Great idea! But a part-time side gig can still help. Keep your full-time job, and then set the price for your side services super high, maximizing the profit you make in your spare time.
One side gig we’ve had since high school has been photography. With day jobs, we never had time to do a whole lot of it, but whenever the opportunity arose to shoot a multi-thousand-dollar wedding, we always jumped on it no matter what.

Alternatively, if you have a lot of different specialized skills, you may be able to cobble together several side gigs to replace your full-time job altogether. This allows you to benefit from the part-time “premium pricing” model in each one of them, without losing out on a full-time work schedule.
Negotiating Part-Time Work with Your Employer
All this talk of flexible hours and adjusting your pricing might sound kinda unrelatable if you’ve only ever had a regular, 9-5 job as an employee — especially at a big company with rigid rules. It’s true that there are some jobs which just can’t be done part-time. But you might be surprised what’s possible if you work up the courage to test the waters.
Let’s say you’ve been working your traditional, 40-hour-a-week desk job for 5 years. And suppose that you’re also a great employee that the company would really like to retain.
If you walk into your boss’s office and ask to work half as many hours for 75% of your current pay, they will probably laugh in your face. Actually, a lot of companies may not even consider half-time work for 50% pay.
But sometimes, that’s just because your boss knows that they hold all the cards. Most employees can’t go without a paycheck.
Imagine instead that you had over $100,000 in investments, and zero debt to your name. And because you only spend $30k per year, $100k represents over three full years of living expenses. You’re far from retired, but you don’t particularly need a job at all in the short term. You’ve got a bit of “FU money” (the more the better, but several years’ living expenses is a good place to start).
If you were getting tired of working full-time, you could walk into your boss’s office with confidence and simply say, “I am no longer interested in working full-time, but I still really like this company and would rather not leave. Here are my proposals — my least favorite of which is that I quit and find a more flexible job elsewhere.”
In this situation, you have leverage when negotiating part-time work with your employer: They either accept your proposal, or they lose you as an employee. Depending on how aggressive you want to be, you can even propose retaining the most important 50% of the work (your personal specialty) in exchange for more than 50% of your current pay. It sounds crazy, but I have seen this negotiation strategy succeed first-hand more than once.
Any job negotiation comes with risk. And so does a price hike in a hair-cutting or tutoring business. You never know what the outcome might be. So it’s important to only employ strategies like this when you have the means to accept the worst-case results. If you do, then taking the risk might pay off big!

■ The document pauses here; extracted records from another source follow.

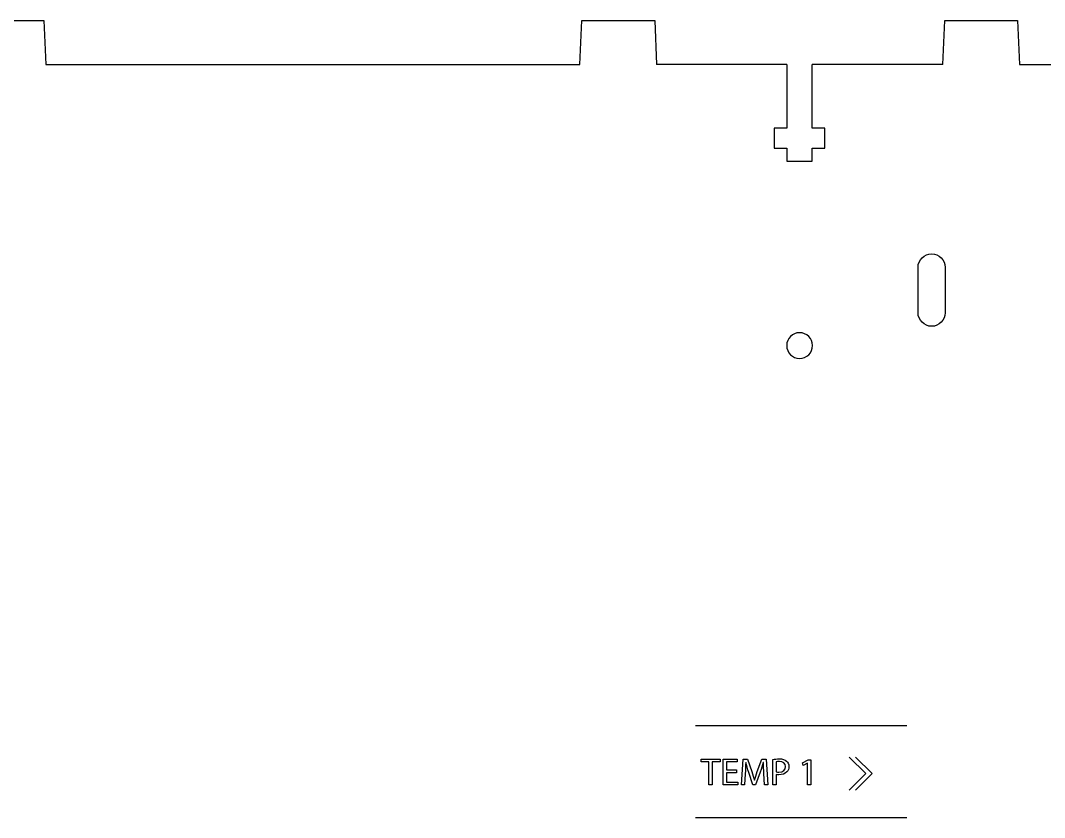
# Model space of a CAD drawing. Header units: millimetres. Extents: x -1126 to -81, y -862 to -38.
# Drawn here: x -738.1 to -625.2, y -126.4 to -38.4 of the extents above; entities that cross this region are included whole.
import ezdxf

# ---------------------------------------------------------------- set-up
doc = ezdxf.new("R2010")
doc.units = ezdxf.units.MM
doc.layers.add('CUTS', color=1, linetype='Continuous', true_color=0xff0000)
doc.layers.add('TEXT', color=5, linetype='Continuous', true_color=0x0000ff)

msp = doc.modelspace()

# ---------------------------------------------------------------- linework, layer by layer
at = {"layer": 'CUTS', "color": 1, "lineweight": 25, "true_color": 0xff0000}
for p, q in [((-743.52, -38.45), (-735.49, -38.45)), ((-735.49, -38.45), (-735.29, -43.32)), ((-676.39, -43.32), (-676.19, -38.45)), ((-676.19, -38.45), (-668.15, -38.45)), ((-668.15, -38.45), (-667.95, -43.32)), ((-636.38, -43.32), (-636.18, -38.45)), ((-636.18, -38.45), (-628.15, -38.45)), ((-628.15, -38.45), (-627.95, -43.32)), ((-735.29, -43.32), (-676.39, -43.32)), ((-653.58, -43.32), (-667.95, -43.32)), ((-653.58, -43.32), (-653.58, -50.34)), ((-650.78, -50.34), (-650.78, -43.32)), ((-636.38, -43.32), (-650.78, -43.32)), ((-627.95, -43.32), (-569.05, -43.32)), ((-653.58, -50.34), (-654.98, -50.34)), ((-654.98, -50.34), (-654.98, -52.54)), ((-649.38, -50.34), (-650.78, -50.34)), ((-649.38, -52.54), (-649.38, -50.34)), ((-654.98, -52.54), (-653.58, -52.54)), ((-653.58, -52.54), (-653.58, -53.98)), ((-650.78, -53.98), (-650.78, -52.54)), ((-650.78, -52.54), (-649.38, -52.54)), ((-653.58, -53.98), (-650.78, -53.98))]:
    msp.add_line(p, q, dxfattribs=at)
for points in [[(-639.12, -70.68), (-639.12, -65.68)], [(-636.12, -65.68), (-636.12, -70.68), (-636.12, -70.68)]]:
    msp.add_lwpolyline(points, dxfattribs=at)
for points in [[(-639.12, -65.68), (-639.12, -64.85), (-638.45, -64.18), (-637.62, -64.18)], [(-637.62, -64.18), (-636.79, -64.18), (-636.12, -64.85), (-636.12, -65.68)], [(-637.62, -72.18), (-638.45, -72.18), (-639.12, -71.51), (-639.12, -70.68)], [(-636.12, -70.68), (-636.12, -71.51), (-636.79, -72.18), (-637.62, -72.18)], [(-652.18, -72.89), (-652.96, -72.89), (-653.6, -73.52), (-653.6, -74.31)], [(-650.75, -74.31), (-650.75, -73.52), (-651.39, -72.89), (-652.18, -72.89)], [(-653.6, -74.31), (-653.6, -75.1), (-652.96, -75.73), (-652.18, -75.73)], [(-652.18, -75.73), (-651.39, -75.73), (-650.75, -75.1), (-650.75, -74.31)]]:
    msp.add_open_spline(points, degree=3, dxfattribs=at)
at = {"layer": 'TEXT', "color": 5, "lineweight": 25, "true_color": 0x0000ff}
for points in [[(-663.64, -116.23), (-640.36, -116.23)], [(-662.17, -120.22), (-663.04, -120.22), (-663.04, -119.91), (-660.92, -119.91), (-660.92, -120.22), (-661.8, -120.22), (-661.8, -122.76), (-662.17, -122.76), (-662.17, -120.22), (-662.17, -120.22)], [(-659.13, -121.43), (-660.24, -121.43), (-660.24, -122.45), (-659, -122.45), (-659, -122.76), (-660.61, -122.76), (-660.61, -119.91), (-659.07, -119.91), (-659.07, -120.22), (-660.24, -120.22), (-660.24, -121.12), (-659.13, -121.12), (-659.13, -121.43), (-659.13, -121.43)], [(-658.17, -121.54), (-658.25, -122.76), (-658.6, -122.76), (-658.4, -119.91), (-657.93, -119.91), (-657.44, -121.29)], [(-658.11, -120.28), (-658.12, -120.28)], [(-656.84, -121.29), (-656.34, -119.91), (-655.87, -119.91), (-655.69, -122.76), (-656.05, -122.76), (-656.12, -121.51), (-656.12, -121.51)], [(-656.17, -120.28), (-656.18, -120.28)], [(-654.75, -121.62), (-654.75, -122.76), (-655.12, -122.76), (-655.12, -119.95), (-655.12, -119.95)], [(-654.75, -120.21), (-654.75, -121.32), (-654.75, -121.32)], [(-651.29, -120.36), (-651.3, -120.36), (-651.78, -120.62), (-651.85, -120.33), (-651.25, -120.01), (-650.93, -120.01), (-650.93, -122.76), (-651.29, -122.76), (-651.29, -120.36), (-651.29, -120.36)], [(-646.71, -119.7), (-644.89, -121.52), (-646.71, -123.34)], [(-646.01, -119.7), (-644.19, -121.52), (-646.01, -123.34)], [(-656.53, -121.36), (-657.04, -122.75), (-657.32, -122.75), (-657.78, -121.39)], [(-657.16, -122.25), (-657.15, -122.25)], [(-663.64, -126.36), (-640.36, -126.36)]]:
    msp.add_lwpolyline(points, dxfattribs=at)
for points in [[(-658.12, -120.28), (-658.13, -120.64), (-658.15, -121.11), (-658.17, -121.54)], [(-657.78, -121.39), (-657.92, -120.98), (-658.03, -120.62), (-658.11, -120.28)], [(-656.18, -120.28), (-656.28, -120.61), (-656.39, -120.97), (-656.53, -121.36)], [(-656.12, -121.51), (-656.14, -121.11), (-656.17, -120.63), (-656.17, -120.28)], [(-655.12, -119.95), (-654.94, -119.92), (-654.71, -119.89), (-654.41, -119.89)], [(-654.4, -120.18), (-654.57, -120.18), (-654.69, -120.2), (-654.75, -120.21)], [(-654.45, -121.35), (-654, -121.35), (-653.73, -121.13), (-653.73, -120.75)], [(-654.41, -119.89), (-654.05, -119.89), (-653.78, -119.98), (-653.61, -120.13)], [(-653.73, -120.75), (-653.73, -120.36), (-654, -120.18), (-654.4, -120.18)], [(-653.61, -120.13), (-653.46, -120.26), (-653.36, -120.47), (-653.36, -120.72)], [(-653.36, -120.72), (-653.36, -120.98), (-653.44, -121.19), (-653.58, -121.33)], [(-657.44, -121.29), (-657.33, -121.64), (-657.23, -121.95), (-657.16, -122.25)], [(-657.15, -122.25), (-657.07, -121.96), (-656.97, -121.65), (-656.84, -121.29)], [(-654.75, -121.32), (-654.67, -121.34), (-654.57, -121.35), (-654.45, -121.35)], [(-654.46, -121.65), (-654.57, -121.65), (-654.67, -121.64), (-654.75, -121.62)], [(-653.58, -121.33), (-653.78, -121.54), (-654.1, -121.65), (-654.46, -121.65)]]:
    msp.add_open_spline(points, degree=3, dxfattribs=at)

doc.saveas('drawing.dxf')

I’m not trying to tell you what to do, or even that my specific ideas will apply perfectly to your situation. The main point here is that there are tons of options between “work full-time” and “retire forever.” If you have the courage to tap into those possibilities, you may be able to design a freer, happier life that works within your circumstances.
— Steven
* Update, October 2022: At this point, even $90/hr feels a bit less exciting than it used to, so I’ve moved away from doing much one-on-one tutoring at all. Lately, the only tutoring I still do is on video for an established company (my old employer), who then charges thousands of students for access to those videos. Their business model is more scalable, and as a result, it allows me to get paid even more per hour for my part-time side hustle! But it’s always nice to know that I can fall back on individual tutoring if I want to.